▶ TASK BRIEF: Each line of the entries below that includes "layer" belongs in your answer.

Data entries

══════════════════════════════

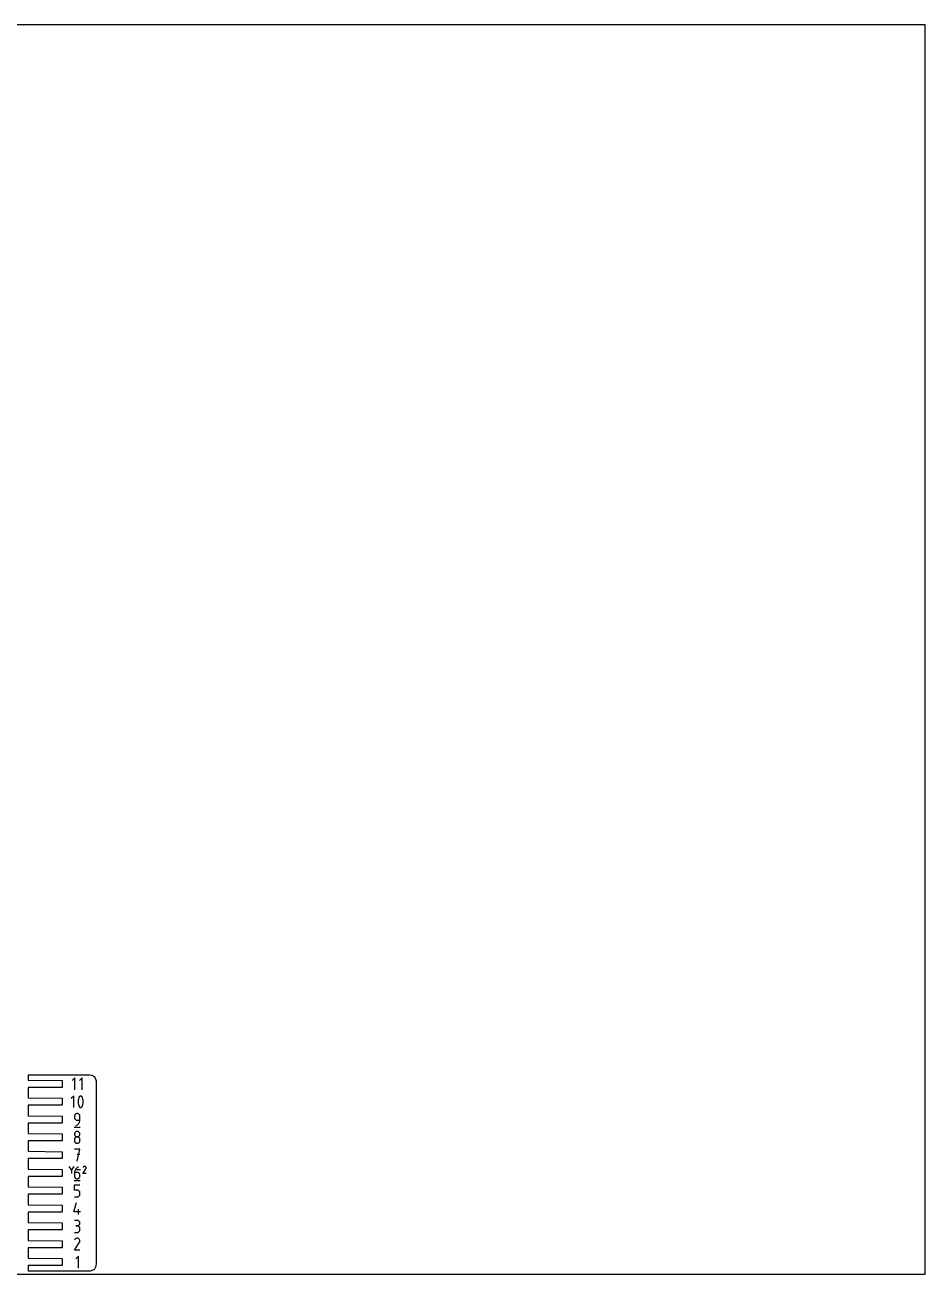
# Model space of a CAD drawing. Extents: x 0 to 38, y 0 to 25.5.
# Drawn here: x 19.62 to 38, y 0 to 25.5 of the extents above; entities that cross this region are included whole.
import ezdxf

# ---------------------------------------------------------------- set-up
doc = ezdxf.new("R2010")
doc.units = 0

msp = doc.modelspace()

# ---------------------------------------------------------------- linework, layer by layer
at = {"layer": 'annotation', "color": 1}
for p, q in [((20.645674, 4.002282), (20.591607, 3.9482)), ((20.645674, 3.759082), (20.645674, 4.002282)), ((20.79094, 4.002282), (20.736874, 3.9482)), ((20.79094, 3.759082), (20.79094, 4.002282)), ((20.621891, 3.634028), (20.569877, 3.582)), ((20.621891, 3.400063), (20.621891, 3.634028)), ((20.716364, 3.572709), (20.71188, 3.550568)), ((20.72309, 3.594411), (20.716364, 3.572709)), ((20.732059, 3.615501), (20.72309, 3.594411)), ((20.735079, 3.620524), (20.732059, 3.615501)), ((20.732059, 3.615501), (20.732059, 3.615501)), ((20.738843, 3.624804), (20.735079, 3.620524)), ((20.743226, 3.6283), (20.738843, 3.624804)), ((20.748104, 3.630971), (20.743226, 3.6283)), ((20.753351, 3.632775), (20.748104, 3.630971)), ((20.758844, 3.633671), (20.753351, 3.632775)), ((20.764457, 3.633618), (20.758844, 3.633671)), ((20.770067, 3.632573), (20.764457, 3.633618)), ((20.775548, 3.630497), (20.770067, 3.632573)), ((20.777646, 3.629394), (20.775548, 3.630497)), ((20.775548, 3.630497), (20.775548, 3.630497)), ((20.779659, 3.628128), (20.777646, 3.629394)), ((20.781578, 3.626707), (20.779659, 3.628128)), ((20.783392, 3.625143), (20.781578, 3.626707)), ((20.785093, 3.623445), (20.783392, 3.625143)), ((20.786669, 3.621624), (20.785093, 3.623445)), ((20.788112, 3.619688), (20.786669, 3.621624)), ((20.789411, 3.617649), (20.788112, 3.619688)), ((20.790557, 3.615516), (20.789411, 3.617649)), ((20.799569, 3.594382), (20.790557, 3.615516)), ((20.790557, 3.615516), (20.790557, 3.615516)), ((20.806329, 3.572647), (20.799569, 3.594382)), ((20.810835, 3.550485), (20.806329, 3.572647)), ((20.71188, 3.550568), (20.709638, 3.528161)), ((20.709638, 3.528161), (20.709638, 3.505663)), ((20.709638, 3.505663), (20.71188, 3.483244)), ((20.71188, 3.483244), (20.716364, 3.46108)), ((20.716364, 3.46108), (20.72309, 3.439341)), ((20.72309, 3.439341), (20.732059, 3.418203)), ((20.732059, 3.418203), (20.732059, 3.418203)), ((20.732059, 3.418203), (20.733201, 3.416074)), ((20.733201, 3.416074), (20.734491, 3.414045)), ((20.734491, 3.414045), (20.735923, 3.412122)), ((20.735923, 3.412122), (20.737492, 3.410311)), ((20.737492, 3.410311), (20.739192, 3.408618)), ((20.739192, 3.408618), (20.741019, 3.407049)), ((20.741019, 3.407049), (20.742966, 3.40561)), ((20.742966, 3.40561), (20.745029, 3.404308)), ((20.745029, 3.404308), (20.747201, 3.403149)), ((20.747201, 3.403149), (20.747201, 3.403149)), ((20.747201, 3.403149), (20.752638, 3.401117)), ((20.752638, 3.401117), (20.758215, 3.400107)), ((20.758215, 3.400107), (20.763805, 3.400078)), ((20.763805, 3.400078), (20.769282, 3.400991)), ((20.769282, 3.400991), (20.774519, 3.402802)), ((20.774519, 3.402802), (20.779392, 3.405472)), ((20.779392, 3.405472), (20.783773, 3.408958)), ((20.783773, 3.408958), (20.787537, 3.413221)), ((20.787537, 3.413221), (20.790557, 3.418218)), ((20.790557, 3.418218), (20.799569, 3.439313)), ((20.790557, 3.418218), (20.790557, 3.418218)), ((20.799569, 3.439313), (20.806329, 3.461018)), ((20.806329, 3.461018), (20.810835, 3.483161)), ((20.813088, 3.528067), (20.810835, 3.550485)), ((20.810835, 3.483161), (20.813088, 3.505569)), ((20.813088, 3.505569), (20.813088, 3.528067)), ((20.63832, 3.230643), (20.637448, 3.220927)), ((20.637448, 3.220927), (20.637448, 3.193887)), ((20.637448, 3.193887), (20.637448, 3.193887)), ((20.637448, 3.193887), (20.63832, 3.184171)), ((20.640833, 3.23979), (20.63832, 3.230643)), ((20.63832, 3.184171), (20.640833, 3.175026)), ((20.644834, 3.248214), (20.640833, 3.23979)), ((20.640833, 3.175026), (20.644834, 3.166604)), ((20.650168, 3.255763), (20.644834, 3.248214)), ((20.644834, 3.166604), (20.650168, 3.159057)), ((20.656681, 3.262283), (20.650168, 3.255763)), ((20.650168, 3.159057), (20.656681, 3.15254)), ((20.664221, 3.267621), (20.656681, 3.262283)), ((20.656681, 3.15254), (20.664221, 3.147205)), ((20.672632, 3.271623), (20.664221, 3.267621)), ((20.664221, 3.147205), (20.672632, 3.143204)), ((20.681761, 3.274137), (20.672632, 3.271623)), ((20.672632, 3.143204), (20.681761, 3.140692)), ((20.691453, 3.275009), (20.681761, 3.274137)), ((20.681761, 3.140692), (20.691453, 3.13982)), ((20.701167, 3.274137), (20.691453, 3.275009)), ((20.691453, 3.275009), (20.691453, 3.275009)), ((20.691453, 3.13982), (20.745459, 3.13982)), ((20.710306, 3.271623), (20.701167, 3.274137)), ((20.706808, 3.054948), (20.718008, 3.066181)), ((20.71872, 3.267621), (20.710306, 3.271623)), ((20.718008, 3.066181), (20.7275, 3.078843)), ((20.726257, 3.262283), (20.71872, 3.267621)), ((20.732764, 3.255763), (20.726257, 3.262283)), ((20.7275, 3.078843), (20.735137, 3.092736)), ((20.73809, 3.248214), (20.732764, 3.255763)), ((20.735137, 3.092736), (20.740774, 3.107662)), ((20.742083, 3.23979), (20.73809, 3.248214)), ((20.740774, 3.107662), (20.744263, 3.123423)), ((20.74459, 3.230643), (20.742083, 3.23979)), ((20.744263, 3.123423), (20.745459, 3.13982)), ((20.745459, 3.220927), (20.74459, 3.230643)), ((20.745459, 3.13982), (20.745459, 3.220927)), ((20.745459, 3.220927), (20.745459, 3.220927)), ((20.630699, 3.001409), (20.752299, 3.001409)), ((20.638335, 2.866816), (20.637463, 2.857146)), ((20.637463, 2.857146), (20.637463, 2.857146)), ((20.637463, 2.857146), (20.638335, 2.84743)), ((20.640847, 2.875928), (20.638335, 2.866816)), ((20.638335, 2.84743), (20.640848, 2.838284)), ((20.644846, 2.884325), (20.640847, 2.875928)), ((20.640848, 2.838284), (20.644849, 2.82986)), ((20.650178, 2.891855), (20.644846, 2.884325)), ((20.644849, 2.82986), (20.650183, 2.822311)), ((20.65669, 2.898362), (20.650178, 2.891855)), ((20.650183, 2.822311), (20.656697, 2.815791)), ((20.664229, 2.903692), (20.65669, 2.898362)), ((20.656697, 2.815791), (20.664236, 2.810453)), ((20.672641, 2.907691), (20.664229, 2.903692)), ((20.664236, 2.810453), (20.672647, 2.80645)), ((20.664428, 3.031809), (20.679872, 3.037564)), ((20.664428, 3.031809), (20.664428, 3.031809)), ((20.681772, 2.910204), (20.672641, 2.907691)), ((20.672647, 2.80645), (20.681776, 2.803936)), ((20.679872, 3.037564), (20.694048, 3.045343)), ((20.691469, 2.911075), (20.681772, 2.910204)), ((20.701166, 2.910204), (20.691469, 2.911075)), ((20.691469, 2.911075), (20.691469, 2.911075)), ((20.694048, 3.045343), (20.706808, 3.054948)), ((20.701162, 2.803936), (20.710291, 2.80645)), ((20.710297, 2.907691), (20.701166, 2.910204)), ((20.710291, 2.80645), (20.718702, 2.810453)), ((20.718708, 2.903692), (20.710297, 2.907691)), ((20.718702, 2.810453), (20.726241, 2.815791)), ((20.726247, 2.898362), (20.718708, 2.903692)), ((20.726241, 2.815791), (20.732755, 2.822311)), ((20.73276, 2.891855), (20.726247, 2.898362)), ((20.732755, 2.822311), (20.738089, 2.82986)), ((20.738092, 2.884325), (20.73276, 2.891855)), ((20.738089, 2.82986), (20.742089, 2.838284)), ((20.742091, 2.875928), (20.738092, 2.884325)), ((20.742089, 2.838284), (20.744602, 2.84743)), ((20.744603, 2.866816), (20.742091, 2.875928)), ((20.744602, 2.84743), (20.745474, 2.857146)), ((20.745474, 2.857146), (20.744603, 2.866816)), ((20.745474, 2.857146), (20.745474, 2.857146)), ((20.638335, 2.758709), (20.637463, 2.748998)), ((20.637463, 2.748998), (20.637463, 2.722094)), ((20.637463, 2.722094), (20.637463, 2.722094)), ((20.637463, 2.722094), (20.638335, 2.712384)), ((20.640847, 2.767852), (20.638335, 2.758709)), ((20.638335, 2.712384), (20.640848, 2.703251)), ((20.644846, 2.776274), (20.640847, 2.767852)), ((20.640848, 2.703251), (20.644849, 2.694847)), ((20.650178, 2.783821), (20.644846, 2.776274)), ((20.644849, 2.694847), (20.650183, 2.687323)), ((20.65669, 2.790339), (20.650178, 2.783821)), ((20.650183, 2.687323), (20.656697, 2.680828)), ((20.664229, 2.795676), (20.65669, 2.790339)), ((20.656697, 2.680828), (20.664236, 2.675514)), ((20.672641, 2.799679), (20.664229, 2.795676)), ((20.664236, 2.675514), (20.672647, 2.671532)), ((20.681772, 2.802192), (20.672641, 2.799679)), ((20.672647, 2.671532), (20.681776, 2.669032)), ((20.691469, 2.803064), (20.681772, 2.802192)), ((20.681776, 2.803936), (20.691469, 2.803064)), ((20.681776, 2.669032), (20.691469, 2.668165)), ((20.691469, 2.803064), (20.701162, 2.803936)), ((20.701166, 2.802193), (20.691469, 2.803064)), ((20.691469, 2.803064), (20.691469, 2.803064)), ((20.691469, 2.803064), (20.691469, 2.803064)), ((20.691469, 2.668165), (20.701162, 2.669032)), ((20.691469, 2.668165), (20.691469, 2.668165)), ((20.701162, 2.669032), (20.710291, 2.671532)), ((20.710297, 2.79968), (20.701166, 2.802193)), ((20.710291, 2.671532), (20.718702, 2.675514)), ((20.718708, 2.79568), (20.710297, 2.79968)), ((20.718702, 2.675514), (20.726241, 2.680828)), ((20.726247, 2.790344), (20.718708, 2.79568)), ((20.726241, 2.680828), (20.732755, 2.687323)), ((20.73276, 2.783827), (20.726247, 2.790344)), ((20.732755, 2.687323), (20.738089, 2.694847)), ((20.738092, 2.776281), (20.73276, 2.783827)), ((20.738089, 2.694847), (20.742089, 2.703251)), ((20.742091, 2.767858), (20.738092, 2.776281)), ((20.742089, 2.703251), (20.744602, 2.712384)), ((20.744603, 2.758713), (20.742091, 2.767858)), ((20.744602, 2.712384), (20.745474, 2.722094)), ((20.745474, 2.748998), (20.744603, 2.758713)), ((20.745474, 2.722094), (20.745474, 2.748998)), ((20.745474, 2.748998), (20.745474, 2.748998)), ((20.745535, 2.547736), (20.637387, 2.547736)), ((20.691469, 2.304536), (20.745535, 2.547736)), ((20.745535, 2.439436), (20.691469, 2.439436)), ((20.574644, 2.127549), (20.526606, 2.197018)), ((20.622673, 2.197018), (20.574644, 2.127549)), ((20.574644, 2.133139), (20.574644, 2.052995)), ((20.638659, 2.092238), (20.637463, 2.075799)), ((20.637463, 2.075799), (20.637463, 1.994966)), ((20.691469, 2.075799), (20.637463, 2.075799)), ((20.642149, 2.108032), (20.638659, 2.092238)), ((20.647789, 2.122986), (20.642149, 2.108032)), ((20.655431, 2.136904), (20.647789, 2.122986)), ((20.66493, 2.14959), (20.655431, 2.136904)), ((20.676141, 2.160848), (20.66493, 2.14959)), ((20.688918, 2.170483), (20.676141, 2.160848)), ((20.755441, 2.125006), (20.676696, 2.125006)), ((20.703115, 2.178299), (20.688918, 2.170483)), ((20.701182, 2.074932), (20.691469, 2.075799)), ((20.710321, 2.072433), (20.701182, 2.074932)), ((20.718586, 2.1841), (20.703115, 2.178299)), ((20.718736, 2.06845), (20.710321, 2.072433)), ((20.718586, 2.1841), (20.718586, 2.1841)), ((20.726272, 2.063137), (20.718736, 2.06845)), ((20.73278, 2.056642), (20.726272, 2.063137)), ((20.738106, 2.049117), (20.73278, 2.056642)), ((20.742098, 2.040713), (20.738106, 2.049117)), ((20.744605, 2.03158), (20.742098, 2.040713)), ((20.809443, 2.052998), (20.868545, 2.148143)), ((20.873404, 2.052998), (20.809443, 2.052998)), ((20.813733, 2.181), (20.809534, 2.172944)), ((20.817066, 2.185725), (20.813733, 2.181)), ((20.821065, 2.18967), (20.817066, 2.185725)), ((20.825607, 2.192803), (20.821065, 2.18967)), ((20.830573, 2.195091), (20.825607, 2.192803)), ((20.835839, 2.196504), (20.830573, 2.195091)), ((20.841284, 2.19701), (20.835839, 2.196504)), ((20.846788, 2.196577), (20.841284, 2.19701)), ((20.852227, 2.195173), (20.846788, 2.196577)), ((20.857481, 2.192768), (20.852227, 2.195173)), ((20.862181, 2.189431), (20.857481, 2.192768)), ((20.857481, 2.192768), (20.857481, 2.192768)), ((20.86611, 2.185426), (20.862181, 2.189431)), ((20.869234, 2.180878), (20.86611, 2.185426)), ((20.868545, 2.148143), (20.868615, 2.148231)), ((20.868545, 2.148143), (20.868545, 2.148143)), ((20.868615, 2.148231), (20.868683, 2.148319)), ((20.868683, 2.148319), (20.868748, 2.148409)), ((20.868748, 2.148409), (20.868812, 2.148501)), ((20.868812, 2.148501), (20.868874, 2.148595)), ((20.868874, 2.148595), (20.868934, 2.148694)), ((20.868934, 2.148694), (20.868994, 2.148797)), ((20.868994, 2.148797), (20.869054, 2.148905)), ((20.869054, 2.148905), (20.869114, 2.14902)), ((20.869114, 2.14902), (20.871554, 2.154259)), ((20.869114, 2.14902), (20.869114, 2.14902)), ((20.871517, 2.175907), (20.869234, 2.180878)), ((20.872926, 2.170637), (20.871517, 2.175907)), ((20.871554, 2.154259), (20.87298, 2.15969)), ((20.873425, 2.16519), (20.872926, 2.170637)), ((20.87298, 2.15969), (20.873425, 2.16519)), ((20.630699, 1.9105), (20.752299, 1.9105)), ((20.637463, 1.994966), (20.637463, 1.994966)), ((20.637463, 1.994966), (20.638335, 1.985251)), ((20.637463, 1.712163), (20.637463, 1.820464)), ((20.637463, 1.820464), (20.745474, 1.820464)), ((20.638335, 1.985251), (20.640848, 1.976106)), ((20.640848, 1.976106), (20.644849, 1.967684)), ((20.644849, 1.967684), (20.650183, 1.960137)), ((20.650183, 1.960137), (20.656697, 1.95362)), ((20.656697, 1.95362), (20.664236, 1.948285)), ((20.664236, 1.948285), (20.672647, 1.944284)), ((20.672647, 1.944284), (20.681776, 1.941772)), ((20.681776, 1.941772), (20.691469, 1.9409)), ((20.691469, 1.9409), (20.701182, 1.941772)), ((20.691469, 1.9409), (20.691469, 1.9409)), ((20.701182, 1.941772), (20.710321, 1.944284)), ((20.710321, 1.944284), (20.718736, 1.948285)), ((20.718736, 1.948285), (20.726272, 1.95362)), ((20.726272, 1.95362), (20.73278, 1.960137)), ((20.73278, 1.960137), (20.738106, 1.967684)), ((20.738106, 1.967684), (20.742098, 1.976106)), ((20.742098, 1.976106), (20.744605, 1.985251)), ((20.745474, 2.02187), (20.744605, 2.03158)), ((20.744605, 1.985251), (20.745474, 1.994966)), ((20.745474, 1.994966), (20.745474, 2.02187)), ((20.745474, 2.02187), (20.745474, 2.02187)), ((20.691469, 1.712163), (20.637463, 1.712163)), ((20.637463, 1.577264), (20.691469, 1.577264)), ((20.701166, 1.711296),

══════════════════════════════

▶ SOLVED PROBLEM:
# ---------------------------------------------------------------- linework, layer by layer
at = {"layer": 'annotation', "color": 1}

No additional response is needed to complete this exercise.